A recent Indiana court decision further highlights the importance of closely reading and negotiating your construction contracts, which we discussed in our last issue of the Construction Law update.
The article discussed Ryan v. TCI Architects/Engineers/Contractors, Inc., 72 N.E.3d 908 (Ind. 2017), in which the Indiana Supreme Court held that a general contractor had assumed a “non-delegable duty” for the safety of the worksite, including owing a duty of care to the subcontractor’s employee. The court’s holding was based on a close reading of a Design-Build Institute of America (DBAI) form contract between the general contractor and project owner, which caused the court to find the general contractor exerted a level of control over the work that justified imposing liability on the general contractor for injuries to a subcontractor’s employee.
Ryan’s contract analysis represents one prong of a two-pronged analysis into whether a general contractor owes a subcontractor a duty of care under Indiana law. While the general rule is that a general contractor owes no duty to a subcontractor, a general contractor may assume a duty by contract or by conduct. The recent case Gleaves v. Messer Construction Company, 77 N.E.3d 1244 (Ind. Ct. App. 2017) addresses the conduct prong.
Gleaves involved a contract for construction management services between Messer and Indiana University for the construction of a building in Indianapolis. The plaintiff Gleaves was an employee of Whittenberg Construction, a company that had contracted directly with IU to perform concrete work on the project. Gleaves was injured when he was struck in the head by a falling two-by-four during the deconstruction of formwork away from a concrete wall. Gleaves sued Messer, among others, alleging that it had assumed a duty of reasonable care for his safety on the jobsite and had breached that duty. The trial court granted Messer’s motion for summary judgment on the ground that it did not owe Gleaves a duty. Gleaves appealed.
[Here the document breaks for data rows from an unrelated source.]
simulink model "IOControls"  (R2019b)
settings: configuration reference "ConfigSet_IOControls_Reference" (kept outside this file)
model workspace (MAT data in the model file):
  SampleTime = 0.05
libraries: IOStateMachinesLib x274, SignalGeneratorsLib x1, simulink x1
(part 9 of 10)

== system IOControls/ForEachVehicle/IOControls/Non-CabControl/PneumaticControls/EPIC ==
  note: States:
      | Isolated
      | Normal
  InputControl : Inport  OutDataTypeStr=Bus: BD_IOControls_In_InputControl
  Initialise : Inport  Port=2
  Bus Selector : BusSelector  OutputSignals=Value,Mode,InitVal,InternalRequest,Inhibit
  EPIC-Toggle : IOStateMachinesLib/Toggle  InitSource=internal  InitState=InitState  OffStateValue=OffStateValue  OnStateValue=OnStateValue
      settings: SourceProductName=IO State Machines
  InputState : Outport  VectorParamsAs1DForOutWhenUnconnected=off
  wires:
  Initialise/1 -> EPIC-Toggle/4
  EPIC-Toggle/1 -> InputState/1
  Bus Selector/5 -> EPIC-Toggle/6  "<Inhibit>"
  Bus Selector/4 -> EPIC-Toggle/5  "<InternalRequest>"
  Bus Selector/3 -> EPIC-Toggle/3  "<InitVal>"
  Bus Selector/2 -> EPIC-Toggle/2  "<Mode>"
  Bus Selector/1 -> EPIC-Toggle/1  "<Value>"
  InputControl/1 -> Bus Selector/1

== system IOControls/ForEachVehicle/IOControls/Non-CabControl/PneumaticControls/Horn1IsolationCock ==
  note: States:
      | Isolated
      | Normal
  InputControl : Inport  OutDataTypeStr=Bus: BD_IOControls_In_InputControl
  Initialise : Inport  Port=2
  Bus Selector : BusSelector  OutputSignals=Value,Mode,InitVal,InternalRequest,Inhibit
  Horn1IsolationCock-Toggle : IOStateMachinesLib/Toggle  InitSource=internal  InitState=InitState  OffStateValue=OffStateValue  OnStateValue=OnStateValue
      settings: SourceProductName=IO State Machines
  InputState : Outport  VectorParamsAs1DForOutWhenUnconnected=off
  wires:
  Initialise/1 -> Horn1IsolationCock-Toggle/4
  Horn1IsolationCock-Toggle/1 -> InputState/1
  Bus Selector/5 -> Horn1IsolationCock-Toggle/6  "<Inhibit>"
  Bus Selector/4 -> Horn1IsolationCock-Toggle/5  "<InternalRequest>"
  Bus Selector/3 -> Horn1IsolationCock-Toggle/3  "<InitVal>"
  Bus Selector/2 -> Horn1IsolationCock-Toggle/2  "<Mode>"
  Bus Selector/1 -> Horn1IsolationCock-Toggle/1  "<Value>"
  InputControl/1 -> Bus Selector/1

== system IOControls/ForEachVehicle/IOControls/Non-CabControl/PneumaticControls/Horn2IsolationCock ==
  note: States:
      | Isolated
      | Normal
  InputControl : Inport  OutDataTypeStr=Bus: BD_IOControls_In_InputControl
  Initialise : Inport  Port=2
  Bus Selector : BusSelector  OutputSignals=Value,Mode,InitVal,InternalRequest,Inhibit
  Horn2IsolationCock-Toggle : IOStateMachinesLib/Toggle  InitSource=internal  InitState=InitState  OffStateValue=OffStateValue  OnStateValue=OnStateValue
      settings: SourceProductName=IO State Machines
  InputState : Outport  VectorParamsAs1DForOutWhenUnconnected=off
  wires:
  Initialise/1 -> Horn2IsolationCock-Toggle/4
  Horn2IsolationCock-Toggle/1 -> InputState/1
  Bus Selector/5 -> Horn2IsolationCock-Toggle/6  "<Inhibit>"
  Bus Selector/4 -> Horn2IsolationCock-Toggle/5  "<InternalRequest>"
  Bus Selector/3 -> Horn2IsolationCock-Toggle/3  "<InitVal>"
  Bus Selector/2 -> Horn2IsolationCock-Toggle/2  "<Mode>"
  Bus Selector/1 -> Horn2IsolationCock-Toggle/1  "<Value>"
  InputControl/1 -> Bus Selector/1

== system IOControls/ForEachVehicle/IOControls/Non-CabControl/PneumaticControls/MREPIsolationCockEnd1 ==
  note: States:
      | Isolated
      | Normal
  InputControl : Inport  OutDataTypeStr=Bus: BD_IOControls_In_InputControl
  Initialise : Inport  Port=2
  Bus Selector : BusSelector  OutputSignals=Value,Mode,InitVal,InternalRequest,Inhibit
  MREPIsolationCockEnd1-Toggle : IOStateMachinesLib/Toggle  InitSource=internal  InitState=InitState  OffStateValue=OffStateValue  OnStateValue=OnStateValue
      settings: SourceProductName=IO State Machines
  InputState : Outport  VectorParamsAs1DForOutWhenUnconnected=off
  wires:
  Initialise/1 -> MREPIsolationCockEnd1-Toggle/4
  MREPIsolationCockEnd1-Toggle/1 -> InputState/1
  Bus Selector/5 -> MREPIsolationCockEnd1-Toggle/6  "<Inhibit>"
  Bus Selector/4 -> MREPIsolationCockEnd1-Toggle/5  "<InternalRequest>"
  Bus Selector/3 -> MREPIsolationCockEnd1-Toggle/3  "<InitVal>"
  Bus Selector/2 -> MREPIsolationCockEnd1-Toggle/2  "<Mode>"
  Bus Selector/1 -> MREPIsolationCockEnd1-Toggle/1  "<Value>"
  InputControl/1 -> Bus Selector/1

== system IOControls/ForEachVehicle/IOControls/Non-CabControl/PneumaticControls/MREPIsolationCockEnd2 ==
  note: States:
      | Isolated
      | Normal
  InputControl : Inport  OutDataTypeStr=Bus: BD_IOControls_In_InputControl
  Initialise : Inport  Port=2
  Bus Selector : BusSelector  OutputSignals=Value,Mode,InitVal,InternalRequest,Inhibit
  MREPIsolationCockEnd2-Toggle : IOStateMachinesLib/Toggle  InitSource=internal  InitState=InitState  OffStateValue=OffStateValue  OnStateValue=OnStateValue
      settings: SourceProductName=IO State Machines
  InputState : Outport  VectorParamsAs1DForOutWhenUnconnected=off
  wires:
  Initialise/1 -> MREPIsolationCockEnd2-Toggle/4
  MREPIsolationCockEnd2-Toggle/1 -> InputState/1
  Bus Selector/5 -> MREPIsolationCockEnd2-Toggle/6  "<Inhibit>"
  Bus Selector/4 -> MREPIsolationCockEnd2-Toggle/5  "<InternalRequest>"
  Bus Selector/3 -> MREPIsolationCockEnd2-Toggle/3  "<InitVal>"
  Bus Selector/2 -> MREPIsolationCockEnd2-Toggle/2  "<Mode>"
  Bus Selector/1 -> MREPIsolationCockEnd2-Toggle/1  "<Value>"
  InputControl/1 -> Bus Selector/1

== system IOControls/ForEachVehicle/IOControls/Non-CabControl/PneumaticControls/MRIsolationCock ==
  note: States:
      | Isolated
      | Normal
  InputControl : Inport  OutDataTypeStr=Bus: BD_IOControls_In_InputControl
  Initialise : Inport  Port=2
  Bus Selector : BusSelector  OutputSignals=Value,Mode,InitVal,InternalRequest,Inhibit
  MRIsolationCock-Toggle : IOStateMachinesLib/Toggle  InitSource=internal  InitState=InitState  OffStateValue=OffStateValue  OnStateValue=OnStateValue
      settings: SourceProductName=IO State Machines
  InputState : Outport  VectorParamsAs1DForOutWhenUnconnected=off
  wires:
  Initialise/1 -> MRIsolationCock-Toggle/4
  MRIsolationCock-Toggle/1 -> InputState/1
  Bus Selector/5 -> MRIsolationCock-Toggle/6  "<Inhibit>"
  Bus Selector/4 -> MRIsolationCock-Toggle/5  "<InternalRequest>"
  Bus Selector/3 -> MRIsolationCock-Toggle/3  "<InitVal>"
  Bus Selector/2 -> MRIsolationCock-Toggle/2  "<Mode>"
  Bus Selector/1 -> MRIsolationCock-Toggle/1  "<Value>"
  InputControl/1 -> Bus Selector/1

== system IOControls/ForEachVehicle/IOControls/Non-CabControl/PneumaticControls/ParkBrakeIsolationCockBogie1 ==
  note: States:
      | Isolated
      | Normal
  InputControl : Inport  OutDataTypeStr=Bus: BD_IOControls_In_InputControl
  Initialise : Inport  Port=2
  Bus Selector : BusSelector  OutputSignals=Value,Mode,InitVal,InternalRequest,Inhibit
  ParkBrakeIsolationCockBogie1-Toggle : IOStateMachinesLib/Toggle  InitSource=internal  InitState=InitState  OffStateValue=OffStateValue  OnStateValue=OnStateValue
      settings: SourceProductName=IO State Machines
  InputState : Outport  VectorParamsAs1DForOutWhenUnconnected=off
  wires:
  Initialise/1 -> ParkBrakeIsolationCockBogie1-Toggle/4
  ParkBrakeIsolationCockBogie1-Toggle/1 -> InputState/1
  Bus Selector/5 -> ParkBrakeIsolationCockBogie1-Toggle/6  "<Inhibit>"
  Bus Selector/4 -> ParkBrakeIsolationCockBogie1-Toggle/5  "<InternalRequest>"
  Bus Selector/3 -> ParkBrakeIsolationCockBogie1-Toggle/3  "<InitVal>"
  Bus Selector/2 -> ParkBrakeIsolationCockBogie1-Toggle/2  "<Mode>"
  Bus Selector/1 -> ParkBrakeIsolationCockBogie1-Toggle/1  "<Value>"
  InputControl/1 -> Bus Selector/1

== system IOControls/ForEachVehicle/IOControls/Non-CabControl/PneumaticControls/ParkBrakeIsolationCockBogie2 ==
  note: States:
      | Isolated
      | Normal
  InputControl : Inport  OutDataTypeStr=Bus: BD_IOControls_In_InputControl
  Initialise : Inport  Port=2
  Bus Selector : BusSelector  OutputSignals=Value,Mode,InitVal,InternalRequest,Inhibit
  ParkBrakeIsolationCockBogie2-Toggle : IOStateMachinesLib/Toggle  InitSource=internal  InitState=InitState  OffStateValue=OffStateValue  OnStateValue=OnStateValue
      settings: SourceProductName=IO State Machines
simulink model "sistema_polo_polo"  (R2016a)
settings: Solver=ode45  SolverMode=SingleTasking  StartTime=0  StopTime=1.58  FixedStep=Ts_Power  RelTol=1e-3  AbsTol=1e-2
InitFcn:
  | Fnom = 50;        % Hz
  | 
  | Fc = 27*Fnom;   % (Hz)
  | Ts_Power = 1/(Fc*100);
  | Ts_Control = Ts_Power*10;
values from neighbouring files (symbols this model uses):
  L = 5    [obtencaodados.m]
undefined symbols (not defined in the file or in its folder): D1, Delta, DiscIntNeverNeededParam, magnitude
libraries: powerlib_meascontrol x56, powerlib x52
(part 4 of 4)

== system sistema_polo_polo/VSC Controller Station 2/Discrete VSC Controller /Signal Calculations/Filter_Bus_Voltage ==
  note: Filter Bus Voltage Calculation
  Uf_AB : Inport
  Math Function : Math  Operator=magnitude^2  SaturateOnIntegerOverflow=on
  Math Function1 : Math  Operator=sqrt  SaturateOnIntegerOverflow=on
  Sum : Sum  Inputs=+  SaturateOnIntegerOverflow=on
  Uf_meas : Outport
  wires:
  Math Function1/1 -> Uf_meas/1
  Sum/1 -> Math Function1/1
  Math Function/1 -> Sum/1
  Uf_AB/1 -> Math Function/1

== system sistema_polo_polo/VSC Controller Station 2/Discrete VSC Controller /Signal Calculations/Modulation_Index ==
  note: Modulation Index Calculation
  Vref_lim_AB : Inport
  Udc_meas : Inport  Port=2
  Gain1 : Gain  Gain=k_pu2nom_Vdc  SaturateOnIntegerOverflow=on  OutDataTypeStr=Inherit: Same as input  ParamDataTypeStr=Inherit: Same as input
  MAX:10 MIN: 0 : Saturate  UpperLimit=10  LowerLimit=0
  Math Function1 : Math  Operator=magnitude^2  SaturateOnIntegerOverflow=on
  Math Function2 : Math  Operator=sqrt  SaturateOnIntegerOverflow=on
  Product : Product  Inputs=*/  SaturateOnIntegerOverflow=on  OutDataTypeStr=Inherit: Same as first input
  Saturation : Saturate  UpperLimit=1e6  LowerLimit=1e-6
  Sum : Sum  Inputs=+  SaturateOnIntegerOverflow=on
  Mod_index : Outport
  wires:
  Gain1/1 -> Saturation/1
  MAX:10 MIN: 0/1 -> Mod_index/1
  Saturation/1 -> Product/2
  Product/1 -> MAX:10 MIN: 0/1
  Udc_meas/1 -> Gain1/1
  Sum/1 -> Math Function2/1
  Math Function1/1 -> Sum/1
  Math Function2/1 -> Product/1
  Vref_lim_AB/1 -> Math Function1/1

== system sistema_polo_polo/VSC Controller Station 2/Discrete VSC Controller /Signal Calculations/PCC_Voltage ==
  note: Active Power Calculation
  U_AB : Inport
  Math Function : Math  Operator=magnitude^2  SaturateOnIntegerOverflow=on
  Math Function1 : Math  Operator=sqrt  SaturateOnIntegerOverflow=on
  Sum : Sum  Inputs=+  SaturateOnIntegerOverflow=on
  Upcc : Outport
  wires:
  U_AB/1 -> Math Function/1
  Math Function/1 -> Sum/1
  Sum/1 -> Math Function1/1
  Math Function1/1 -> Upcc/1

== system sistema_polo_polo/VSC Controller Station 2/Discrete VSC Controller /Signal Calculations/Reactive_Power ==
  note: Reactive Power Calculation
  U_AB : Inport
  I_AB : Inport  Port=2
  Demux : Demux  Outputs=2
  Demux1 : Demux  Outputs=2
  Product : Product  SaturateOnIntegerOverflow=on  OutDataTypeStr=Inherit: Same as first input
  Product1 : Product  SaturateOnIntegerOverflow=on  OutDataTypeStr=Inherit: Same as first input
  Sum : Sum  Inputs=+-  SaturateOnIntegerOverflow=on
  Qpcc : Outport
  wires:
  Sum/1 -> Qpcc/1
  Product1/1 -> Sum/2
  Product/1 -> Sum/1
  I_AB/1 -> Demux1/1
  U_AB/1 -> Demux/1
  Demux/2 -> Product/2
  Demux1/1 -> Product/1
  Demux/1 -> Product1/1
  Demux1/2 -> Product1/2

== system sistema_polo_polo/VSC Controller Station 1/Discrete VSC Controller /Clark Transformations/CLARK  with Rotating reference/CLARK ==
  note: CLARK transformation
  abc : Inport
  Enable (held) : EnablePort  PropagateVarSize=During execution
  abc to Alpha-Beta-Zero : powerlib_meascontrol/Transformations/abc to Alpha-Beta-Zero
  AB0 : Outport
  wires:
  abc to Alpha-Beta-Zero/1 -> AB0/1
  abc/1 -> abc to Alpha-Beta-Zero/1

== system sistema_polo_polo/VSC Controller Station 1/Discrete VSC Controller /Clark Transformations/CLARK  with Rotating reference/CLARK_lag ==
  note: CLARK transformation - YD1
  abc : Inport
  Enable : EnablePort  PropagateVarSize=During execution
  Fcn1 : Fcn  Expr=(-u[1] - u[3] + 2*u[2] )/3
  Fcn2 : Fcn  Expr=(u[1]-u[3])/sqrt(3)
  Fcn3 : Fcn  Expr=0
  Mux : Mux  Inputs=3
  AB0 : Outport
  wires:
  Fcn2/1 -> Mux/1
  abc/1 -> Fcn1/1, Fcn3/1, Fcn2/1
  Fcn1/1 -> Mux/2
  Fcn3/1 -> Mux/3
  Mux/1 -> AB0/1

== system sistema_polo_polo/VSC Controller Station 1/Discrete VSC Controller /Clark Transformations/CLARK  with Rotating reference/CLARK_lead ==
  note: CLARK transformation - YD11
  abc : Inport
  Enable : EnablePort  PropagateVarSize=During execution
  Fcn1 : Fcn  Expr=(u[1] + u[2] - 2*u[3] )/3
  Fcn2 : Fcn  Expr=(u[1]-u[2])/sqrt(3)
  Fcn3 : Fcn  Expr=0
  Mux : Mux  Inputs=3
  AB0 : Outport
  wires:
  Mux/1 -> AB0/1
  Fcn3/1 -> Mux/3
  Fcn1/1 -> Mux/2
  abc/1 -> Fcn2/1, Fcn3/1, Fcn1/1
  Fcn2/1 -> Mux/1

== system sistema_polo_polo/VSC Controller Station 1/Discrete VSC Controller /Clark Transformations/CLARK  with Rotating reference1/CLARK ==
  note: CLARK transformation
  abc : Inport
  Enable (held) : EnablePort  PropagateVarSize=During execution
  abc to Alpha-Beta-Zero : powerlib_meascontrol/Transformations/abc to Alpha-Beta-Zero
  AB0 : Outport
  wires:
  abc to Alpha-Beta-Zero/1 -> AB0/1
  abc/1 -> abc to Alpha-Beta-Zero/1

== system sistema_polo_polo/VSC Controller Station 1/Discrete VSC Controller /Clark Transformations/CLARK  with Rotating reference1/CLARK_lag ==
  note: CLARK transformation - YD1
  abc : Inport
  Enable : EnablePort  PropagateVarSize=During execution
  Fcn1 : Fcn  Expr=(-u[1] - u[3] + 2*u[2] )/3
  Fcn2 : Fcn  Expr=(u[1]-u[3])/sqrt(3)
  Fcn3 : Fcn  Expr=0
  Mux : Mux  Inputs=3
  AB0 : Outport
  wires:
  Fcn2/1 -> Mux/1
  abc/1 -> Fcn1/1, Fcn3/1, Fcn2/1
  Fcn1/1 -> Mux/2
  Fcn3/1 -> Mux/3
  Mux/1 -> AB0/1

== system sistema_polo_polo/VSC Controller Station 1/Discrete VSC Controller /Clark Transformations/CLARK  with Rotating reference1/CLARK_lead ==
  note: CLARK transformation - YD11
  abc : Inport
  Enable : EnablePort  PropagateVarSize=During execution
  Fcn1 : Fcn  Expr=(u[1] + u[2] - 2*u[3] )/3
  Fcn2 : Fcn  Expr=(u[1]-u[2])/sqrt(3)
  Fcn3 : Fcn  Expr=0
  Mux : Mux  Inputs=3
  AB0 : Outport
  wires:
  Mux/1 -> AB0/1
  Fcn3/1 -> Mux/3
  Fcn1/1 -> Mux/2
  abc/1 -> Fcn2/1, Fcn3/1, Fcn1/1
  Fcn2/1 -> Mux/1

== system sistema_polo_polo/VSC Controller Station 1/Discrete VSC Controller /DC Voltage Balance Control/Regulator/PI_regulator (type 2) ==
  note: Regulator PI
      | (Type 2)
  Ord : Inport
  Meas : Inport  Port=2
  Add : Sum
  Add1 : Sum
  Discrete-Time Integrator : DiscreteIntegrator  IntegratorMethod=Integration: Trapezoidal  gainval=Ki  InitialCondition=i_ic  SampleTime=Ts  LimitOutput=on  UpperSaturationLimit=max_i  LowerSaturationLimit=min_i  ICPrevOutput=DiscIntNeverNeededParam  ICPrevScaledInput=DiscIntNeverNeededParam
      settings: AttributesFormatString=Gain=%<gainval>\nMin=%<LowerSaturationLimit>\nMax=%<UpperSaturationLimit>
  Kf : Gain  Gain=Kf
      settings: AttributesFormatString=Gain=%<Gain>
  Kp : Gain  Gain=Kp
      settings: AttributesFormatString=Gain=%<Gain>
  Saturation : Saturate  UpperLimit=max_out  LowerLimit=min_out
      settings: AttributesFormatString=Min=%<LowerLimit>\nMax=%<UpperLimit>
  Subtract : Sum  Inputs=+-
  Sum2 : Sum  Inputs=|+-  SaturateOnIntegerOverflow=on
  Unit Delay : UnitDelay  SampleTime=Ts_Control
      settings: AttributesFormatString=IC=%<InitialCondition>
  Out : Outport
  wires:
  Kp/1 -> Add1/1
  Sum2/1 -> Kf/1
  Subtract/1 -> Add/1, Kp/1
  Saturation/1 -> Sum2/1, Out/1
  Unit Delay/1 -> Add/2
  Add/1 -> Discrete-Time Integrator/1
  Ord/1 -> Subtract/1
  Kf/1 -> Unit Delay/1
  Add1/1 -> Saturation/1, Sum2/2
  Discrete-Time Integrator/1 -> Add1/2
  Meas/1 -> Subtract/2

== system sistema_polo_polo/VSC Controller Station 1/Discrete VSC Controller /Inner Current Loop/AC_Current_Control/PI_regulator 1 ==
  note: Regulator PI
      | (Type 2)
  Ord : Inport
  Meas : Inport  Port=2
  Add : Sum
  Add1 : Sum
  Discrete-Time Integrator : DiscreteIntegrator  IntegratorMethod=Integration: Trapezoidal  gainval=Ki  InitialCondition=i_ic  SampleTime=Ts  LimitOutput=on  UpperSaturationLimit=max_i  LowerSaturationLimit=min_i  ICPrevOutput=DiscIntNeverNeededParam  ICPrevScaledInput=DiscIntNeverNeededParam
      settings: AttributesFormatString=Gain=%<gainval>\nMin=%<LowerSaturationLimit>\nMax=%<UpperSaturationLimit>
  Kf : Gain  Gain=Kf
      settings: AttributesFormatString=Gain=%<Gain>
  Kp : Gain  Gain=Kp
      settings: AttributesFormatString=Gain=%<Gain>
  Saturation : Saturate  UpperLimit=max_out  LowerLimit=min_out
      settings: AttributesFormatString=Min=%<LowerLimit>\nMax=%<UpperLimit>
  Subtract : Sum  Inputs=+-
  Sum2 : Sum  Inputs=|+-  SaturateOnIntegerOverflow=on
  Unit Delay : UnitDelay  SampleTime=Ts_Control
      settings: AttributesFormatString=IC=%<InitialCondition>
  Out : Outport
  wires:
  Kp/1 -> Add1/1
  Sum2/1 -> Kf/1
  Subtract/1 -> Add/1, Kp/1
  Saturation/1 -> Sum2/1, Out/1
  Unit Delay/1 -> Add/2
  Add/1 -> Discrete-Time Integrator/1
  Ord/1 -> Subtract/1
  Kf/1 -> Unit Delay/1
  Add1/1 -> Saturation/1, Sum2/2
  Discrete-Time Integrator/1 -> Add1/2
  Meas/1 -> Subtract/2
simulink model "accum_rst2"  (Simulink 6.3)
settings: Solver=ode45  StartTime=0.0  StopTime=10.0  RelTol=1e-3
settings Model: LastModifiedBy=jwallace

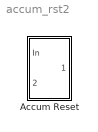
== system accum_rst2 ==
  Accum Reset : Subsystem

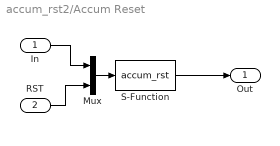
== system accum_rst2/Accum Reset ==
  In : Inport
  RST : Inport  Port=2
  Mux : Mux  Inputs=2
  S-Function : S-Function  FunctionName=accum_rst
  Out : Outport
  wires:
  S-Function/1 -> Out/1
  Mux/1 -> S-Function/1
  In/1 -> Mux/1
  RST/1 -> Mux/2

At the outset, the Court of Appeals distinguished Ryan in a footnote, noting that Gleaves did not argue that Messer’s contract with IU created a contractual duty. Rather, Gleaves argued that Messer went beyond its contract with IU and assumed a duty by conduct. Thus, the Indiana Court of Appeals held that the case was controlled by Hunt Construction Group, Inc. v. Garrett, 964 N.E.2d 222 (Ind. 2012), which held that “for a construction manager not otherwise obligated by contract to provide jobsite safety to assume a legal duty of care for jobsite-employee safety, the construction manager must undertake specific supervisory responsibilities beyond those set forth in the original construction documents.” Id. at 230.
The Court of Appeals then proceeded to analyze each of the actions Messer had taken to ensure safety at the worksite. Finding each one to be within the scope of Messer’s contract with IU, the Court of Appeals held that Messer owed no duty to Gleaves because Messer had not gone beyond its contractual safety obligations.
Gleaves again demonstrates the importance of knowing what is – and isn’t – in your contract. The general contractor in Ryan was held to have assumed a duty of safety toward subcontractors via the language in its DBAI form contract. On the other hand, Gleaves did not even argue that the AIA contract between IU and Messer created a contractual duty of safety. A review of the facts in Hunt demonstrates why. In that case, the Indiana Supreme Court clearly held that “Hunt’s contract does impose responsibilities on Hunt related to safety.” 964 N.E.2d at 227. The Supreme Court held those duties didn’t extend to subcontractors, however, because the contract expressly stated, among other related provisions, that Hunt was “not assuming safety obligations and responsibilities of the individual Contractors” and Hunt had no “control over or charge of or [responsibility] for safety precautions and programs.” Id. As set out in the Court of Appeals opinion, the IU-Messer AIA contract included similar provisions disclaiming responsibility for safety, despite the fact that Messer had taken on responsibility for specific safety programs in other provisions. General contractors should confirm that their contracts likewise contain these provisions.
General contractors should also ensure that their safety program is detailed in the contract documents or its attachments. Gleaves demonstrates that safety precautions not specified in the contract documents could give rise to a duty of safety to other parties at the worksite, whether intended or not.